Not exactly related but I thought I'd throw it out there

------
MicroBerto
Oh god another Soylent post. Not a single vegetable eaten. This guy might want
to read this study:

[http://www.bmj.com/content/349/bmj.g4490](http://www.bmj.com/content/349/bmj.g4490)

Title: "Fruit and vegetable consumption and mortality from all causes,
cardiovascular disease, and cancer: systematic review and dose-response meta-
analysis of prospective cohort studies"

------
tunesmith
There's this weird thing where doctors and health articles all champion the
benefits of oatmeal (and oat flour / oat protein), with benefits such as
decreasing indigestion and heartburn, while at the same time I see plenty of
reports online (myself included) of people experiencing worsening indigestion
symptoms after eating oat stuff.
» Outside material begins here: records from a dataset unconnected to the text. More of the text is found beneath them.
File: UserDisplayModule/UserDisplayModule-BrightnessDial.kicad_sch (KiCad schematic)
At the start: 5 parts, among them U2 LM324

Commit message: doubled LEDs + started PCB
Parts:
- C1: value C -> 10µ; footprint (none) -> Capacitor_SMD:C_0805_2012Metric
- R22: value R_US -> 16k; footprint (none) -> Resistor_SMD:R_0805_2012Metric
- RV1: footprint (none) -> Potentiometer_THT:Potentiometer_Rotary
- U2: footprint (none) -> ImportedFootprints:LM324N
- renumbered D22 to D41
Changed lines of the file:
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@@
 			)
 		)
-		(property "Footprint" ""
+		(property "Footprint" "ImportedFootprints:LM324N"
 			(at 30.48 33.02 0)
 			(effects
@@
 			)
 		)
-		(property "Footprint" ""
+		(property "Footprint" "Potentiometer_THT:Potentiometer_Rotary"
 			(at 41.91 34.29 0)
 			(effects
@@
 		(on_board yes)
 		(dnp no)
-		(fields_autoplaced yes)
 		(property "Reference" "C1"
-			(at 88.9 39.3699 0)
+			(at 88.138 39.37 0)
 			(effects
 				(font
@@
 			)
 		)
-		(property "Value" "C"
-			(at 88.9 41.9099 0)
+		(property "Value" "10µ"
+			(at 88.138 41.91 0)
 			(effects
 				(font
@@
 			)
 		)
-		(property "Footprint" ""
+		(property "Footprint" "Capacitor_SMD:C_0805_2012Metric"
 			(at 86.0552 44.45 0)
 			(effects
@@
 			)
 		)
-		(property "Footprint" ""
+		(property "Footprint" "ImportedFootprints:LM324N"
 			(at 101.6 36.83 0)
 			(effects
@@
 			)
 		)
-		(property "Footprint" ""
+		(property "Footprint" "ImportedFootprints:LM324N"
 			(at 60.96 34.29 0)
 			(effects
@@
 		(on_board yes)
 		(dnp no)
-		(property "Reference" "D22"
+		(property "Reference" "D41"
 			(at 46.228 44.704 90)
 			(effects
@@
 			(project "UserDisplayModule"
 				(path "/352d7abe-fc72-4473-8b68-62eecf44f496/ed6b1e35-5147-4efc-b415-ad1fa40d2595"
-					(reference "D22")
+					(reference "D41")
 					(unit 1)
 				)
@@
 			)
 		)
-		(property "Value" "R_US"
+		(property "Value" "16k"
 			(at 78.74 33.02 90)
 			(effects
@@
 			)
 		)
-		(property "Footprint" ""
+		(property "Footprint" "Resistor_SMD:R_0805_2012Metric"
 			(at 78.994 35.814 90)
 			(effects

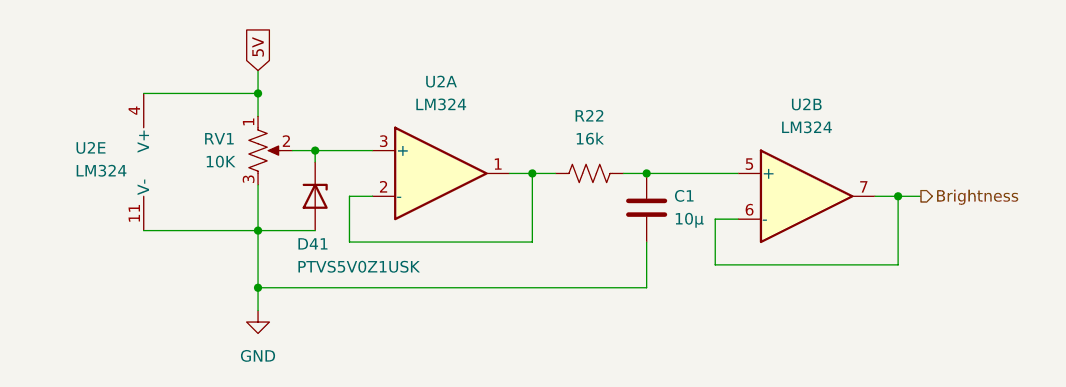
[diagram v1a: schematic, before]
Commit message: finished routing pcb (minus ground pour)
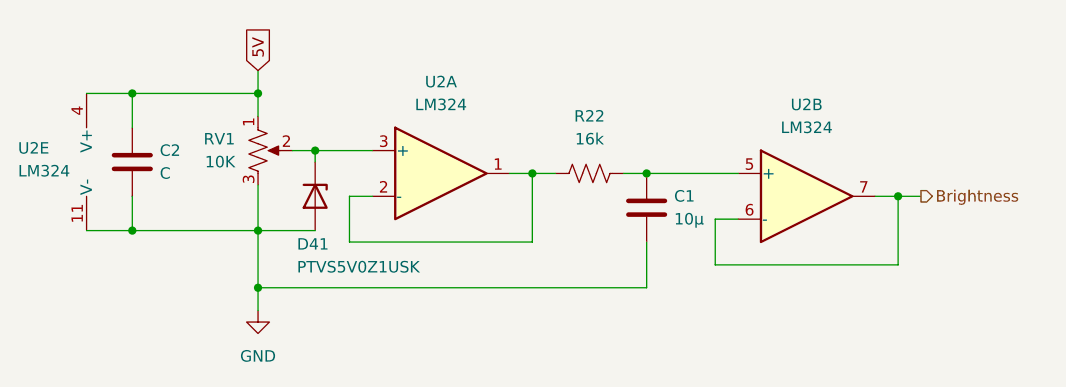
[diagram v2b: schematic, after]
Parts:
- added C2: C, Capacitor_SMD:C_0805_2012Metric, symbol Device:C
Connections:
- net 5V: now also C2.1
- net GND: now also C2.2
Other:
- moved on the sheet: U2E
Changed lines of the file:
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@@
+	)
+	(junction
+		(at 27.94 43.18)
+		(diameter 0)
+		(color 0 0 0 0)
+	)
+	(junction
+		(at 27.94 27.94)
+		(diameter 0)
+		(color 0 0 0 0)
 	)
 	(junction
@@
 	(wire
 		(pts
-			(xy 29.21 43.18) (xy 41.91 43.18)
+			(xy 22.86 43.18) (xy 27.94 43.18)
 		)
 		(stroke
@@
 	(wire
 		(pts
+			(xy 27.94 43.18) (xy 41.91 43.18)
+		)
+		(stroke
+			(width 0)
+			(type default)
+		)
+	)
+	(wire
+		(pts
 			(xy 82.55 36.83) (xy 85.09 36.83)
 		)
@@
 	(wire
 		(pts
+			(xy 27.94 27.94) (xy 41.91 27.94)
+		)
+		(stroke
+			(width 0)
+			(type default)
+		)
+	)
+	(wire
+		(pts
 			(xy 72.39 36.83) (xy 74.93 36.83)
 		)
@@
 	(wire
 		(pts
+			(xy 27.94 39.37) (xy 27.94 43.18)
+		)
+		(stroke
+			(width 0)
+			(type default)
+		)
+	)
+	(wire
+		(pts
+			(xy 27.94 27.94) (xy 27.94 31.75)
+		)
+		(stroke
+			(width 0)
+			(type default)
+		)
+	)
+	(wire
+		(pts
 			(xy 41.91 52.07) (xy 41.91 49.53)
 		)
@@
 	(wire
 		(pts
-			(xy 29.21 27.94) (xy 41.91 27.94)
+			(xy 22.86 27.94) (xy 27.94 27.94)
 		)
 		(stroke
@@
 	(symbol
 		(lib_id "Amplifier_Operational:LM324")
-		(at 31.75 35.56 0)
+		(at 25.4 35.56 0)
 		(unit 5)
 		(exclude_from_sim no)
@@
 		(dnp no)
 		(property "Reference" "U2"
-			(at 21.59 34.036 0)
+			(at 15.24 34.036 0)
 			(effects
 				(font
@@
 		)
 		(property "Value" "LM324"
-			(at 21.59 36.576 0)
+			(at 15.24 36.576 0)
 			(effects
 				(font
@@
 		)
 		(property "Footprint" "ImportedFootprints:LM324N"
-			(at 30.48 33.02 0)
+			(at 24.13 33.02 0)
 			(effects
 				(font
@@
 		)
 		(property "Datasheet" "http://www.ti.com/lit/ds/symlink/lm2902-n.pdf"
-			(at 33.02 30.48 0)
+			(at 26.67 30.48 0)
 			(effects
 				(font
@@
 		)
 		(property "Description" "Low-Power, Quad-Operational Amplifiers, DIP-14/SOIC-14/SSOP-14"
-			(at 31.75 35.56 0)
+			(at 25.4 35.56 0)
 			(effects
 				(font
@@
 					(unit 1)
 				)
+			)
+		)
+	)
+	(symbol
+		(lib_id "Device:C")
+		(at 27.94 35.56 0)
+		(unit 1)
+		(exclude_from_sim no)
+		(in_bom yes)
+		(on_board yes)
+		(dnp no)
+		(property "Reference" "C2"
+			(at 30.988 34.29 0)
+			(effects
+				(font
+					(size 1.27 1.27)
+				)
+				(justify left)
+			)
+		)
+		(property "Value" "C"
+			(at 30.988 36.83 0)
+			(effects
+				(font
+					(size 1.27 1.27)
+				)
+				(justify left)
+			)
+		)
+		(property "Footprint" "Capacitor_SMD:C_0805_2012Metric"
+			(at 28.9052 39.37 0)
+			(effects
+				(font
+					(size 1.27 1.27)
+				)
+				(hide yes)
+			)
+		)
+		(property "Datasheet" "~"
+			(at 27.94 35.56 0)
+			(effects
+				(font
+					(size 1.27 1.27)
+				)
+				(hide yes)
+			)
+		)
+		(property "Description" "Unpolarized capacitor"
+			(at 27.94 35.56 0)
+			(effects
+				(font
+					(size 1.27 1.27)
+				)
+				(hide yes)
+			)
+		)
+		(pin "2"
+		)
+		(pin "1"
+		)
+		(instances
+			(project "UserDisplayModule"
+				(path "/352d7abe-fc72-4473-8b68-62eecf44f496/ed6b1e35-5147-4efc-b415-ad1fa40d2595"
+					(reference "C2")
+					(unit 1)
+				)

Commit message: added 3d models, fixed footprints, finished routing
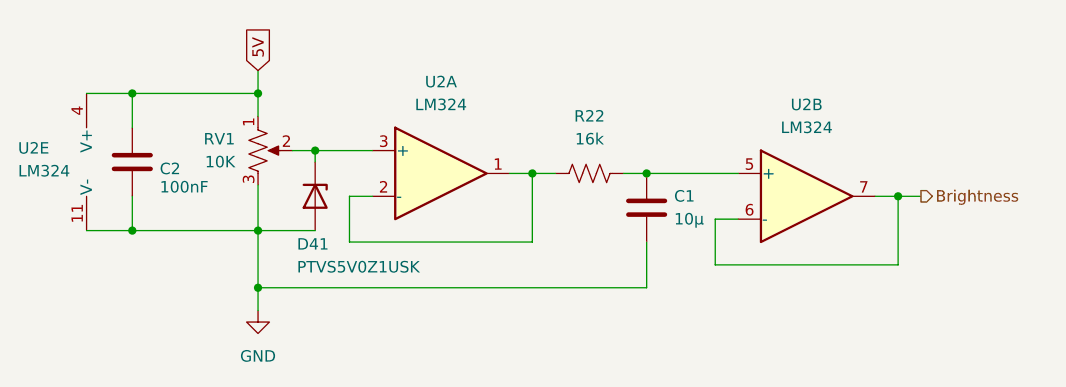
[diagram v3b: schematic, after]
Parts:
- C2: value C -> 100nF
- RV1: footprint Potentiometer_THT:Potentiometer_Rotary -> Potentiometer_THT:Potentiometer_TT_P0915N
- U2: footprint ImportedFootprints:LM324N -> Package_DIP:DIP-14_W7.62mm
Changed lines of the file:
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@@
 			)
 		)
-		(property "Footprint" "ImportedFootprints:LM324N"
+		(property "Footprint" "Package_DIP:DIP-14_W7.62mm"
 			(at 24.13 33.02 0)
 			(effects
@@
 			)
 		)
-		(property "Footprint" "Potentiometer_THT:Potentiometer_Rotary"
+		(property "Footprint" "Potentiometer_THT:Potentiometer_TT_P0915N"
 			(at 41.91 34.29 0)
 			(effects
@@
 		(dnp no)
 		(property "Reference" "C2"
-			(at 30.988 34.29 0)
+			(at 30.988 36.322 0)
 			(effects
 				(font
@@
 			)
 		)
-		(property "Value" "C"
-			(at 30.988 36.83 0)
+		(property "Value" "100nF"
+			(at 30.988 38.354 0)
 			(effects
 				(font
@@
 			)
 		)
-		(property "Footprint" "ImportedFootprints:LM324N"
+		(property "Footprint" "Package_DIP:DIP-14_W7.62mm"
 			(at 101.6 36.83 0)
 			(effects
@@
 			)
 		)
-		(property "Footprint" "ImportedFootprints:LM324N"
+		(property "Footprint" "Package_DIP:DIP-14_W7.62mm"
 			(at 60.96 34.29 0)
 			(effects

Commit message: added digikey pns
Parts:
- U2: Digikey PN (none) -> 296-1391-5-ND
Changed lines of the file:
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@@
 	(generator_version "8.0")
 	(paper "A4")
+	(title_block
+		(date "2024-04-01")
+		(rev "1")
+	)
 	(junction
 		(at 41.91 27.94)
@@
 		)
 		(property "Description" "Low-Power, Quad-Operational Amplifiers, DIP-14/SOIC-14/SSOP-14"
+			(at 25.4 35.56 0)
+			(effects
+				(font
+					(size 1.27 1.27)
+				)
+				(hide yes)
+			)
+		)
+		(property "Digikey PN" "296-1391-5-ND"
 			(at 25.4 35.56 0)
 			(effects
@@
 			)
 		)
+		(property "Digikey PN" ""
+			(at 41.91 34.29 0)
+			(effects
+				(font
+					(size 1.27 1.27)
+				)
+				(hide yes)
+			)
+		)
 		(pin "3"
 		)
@@
 			)
 		)
+		(property "Digikey PN" ""
+			(at 85.09 40.64 0)
+			(effects
+				(font
+					(size 1.27 1.27)
+				)
+				(hide yes)
+			)
+		)
 		(pin "1"
 		)
@@
 		)
 		(property "Description" "Unpolarized capacitor"
+			(at 27.94 35.56 0)
+			(effects
+				(font
+					(size 1.27 1.27)
+				)
+				(hide yes)
+			)
+		)
+		(property "Digikey PN" ""
 			(at 27.94 35.56 0)
 			(effects
@@
 			)
 		)
+		(property "Digikey PN" "296-1391-5-ND"
+			(at 102.87 39.37 0)
+			(effects
+				(font
+					(size 1.27 1.27)
+				)
+				(hide yes)
+			)
+		)
 		(pin "9"
 		)
@@
 			)
 		)
+		(property "Digikey PN" "296-1391-5-ND"
+			(at 62.23 36.83 0)
+			(effects
+				(font
+					(size 1.27 1.27)
+				)
+				(hide yes)
+			)
+		)
 		(pin "2"
 		)
@@
 		)
 		(property "Description" "5V, 1200W TVS unidirectional diode, DSN1608-2"
+			(at 48.26 39.37 0)
+			(effects
+				(font
+					(size 1.27 1.27)
+				)
+				(hide yes)
+			)
+		)
+		(property "Digikey PN" ""
 			(at 48.26 39.37 0)
 			(effects
@@
 			(at 78.74 36.83 0)
 			(effects
+				(font
+					(size 1.27 1.27)
+				)
+				(hide yes)
+			)
+		)
+		(property "Digikey PN" ""
+			(at 78.74 36.83 0)
+			(effects

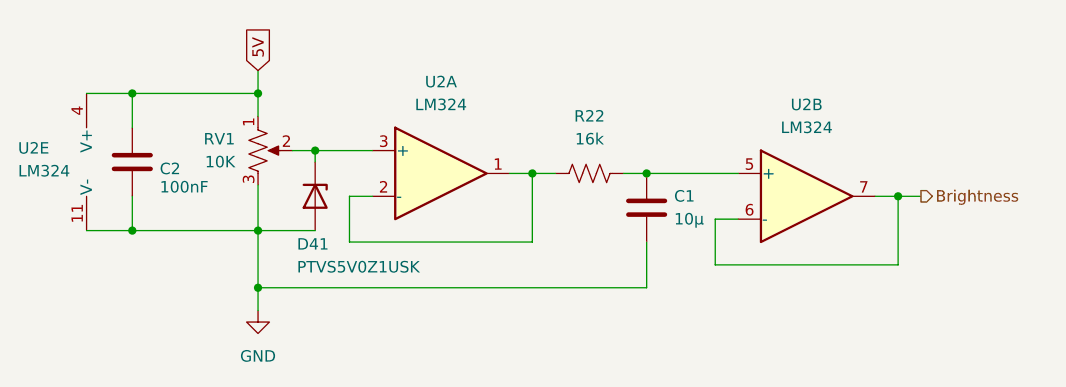
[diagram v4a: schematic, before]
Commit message: Edited BOM for R/C parts
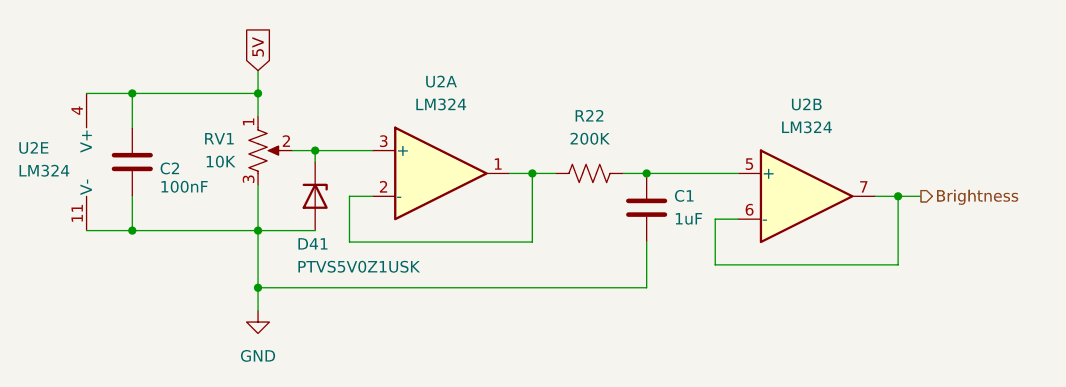
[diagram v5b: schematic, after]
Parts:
- C1: value 10µ -> 1uF; Digikey PN (none) -> 1276-1029-1-ND
- C2: Digikey PN (none) -> 1276-1003-1-ND
- R22: value 16k -> 200K; Digikey PN (none) -> RMCF0805FT200KCT-ND
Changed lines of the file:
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@@
 			)
 		)
-		(property "Value" "10µ"
+		(property "Value" "1uF"
 			(at 88.138 41.91 0)
 			(effects
@@
 			)
 		)
-		(property "Digikey PN" ""
+		(property "Digikey PN" "1276-1029-1-ND"
 			(at 85.09 40.64 0)
 			(effects
@@
 			)
 		)
-		(property "Digikey PN" ""
+		(property "Digikey PN" "1276-1003-1-ND"
 			(at 27.94 35.56 0)
 			(effects
@@
 			)
 		)
-		(property "Value" "16k"
+		(property "Value" "200K"
 			(at 78.74 33.02 90)
 			(effects
@@
 			)
 		)
-		(property "Digikey PN" ""
+		(property "Digikey PN" "RMCF0805FT200KCT-ND"
 			(at 78.74 36.83 0)
 			(effects

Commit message: added digikey PNs to diode and pot
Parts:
- D41: Digikey PN (none) -> 1727-2742-1-ND
- RV1: Digikey PN (none) -> 987-1649-ND
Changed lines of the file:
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@@
 			)
 		)
-		(property "Datasheet" "~"
+		(property "Datasheet" "https://www.ttelectronics.com/TTElectronics/media/ProductFiles/Datasheet/P09x.pdf"
 			(at 41.91 34.29 0)
 			(effects
@@
 			)
 		)
-		(property "Digikey PN" ""
+		(property "Digikey PN" "987-1649-ND"
 			(at 41.91 34.29 0)
 			(effects
@@
 			)
 		)
-		(property "Digikey PN" ""
+		(property "Digikey PN" "1727-2742-1-ND"
 			(at 48.26 39.37 0)
 			(effects

I had to stop drinking soylent for exactly
that reason - crazy heartburn symptoms, only now starting to normalize after
going back to eating what I normally eat. I suppose it might just be as simple
as an oat allergy, but it's weird that the only negative symptom is
indigestion.

------
ra1n85
Why canola oil? Peanut butter is nearly as cheap and packs additional macros.

I would add more soluble/insoluble fiber. Psyllium husk alone isn't
sufficient.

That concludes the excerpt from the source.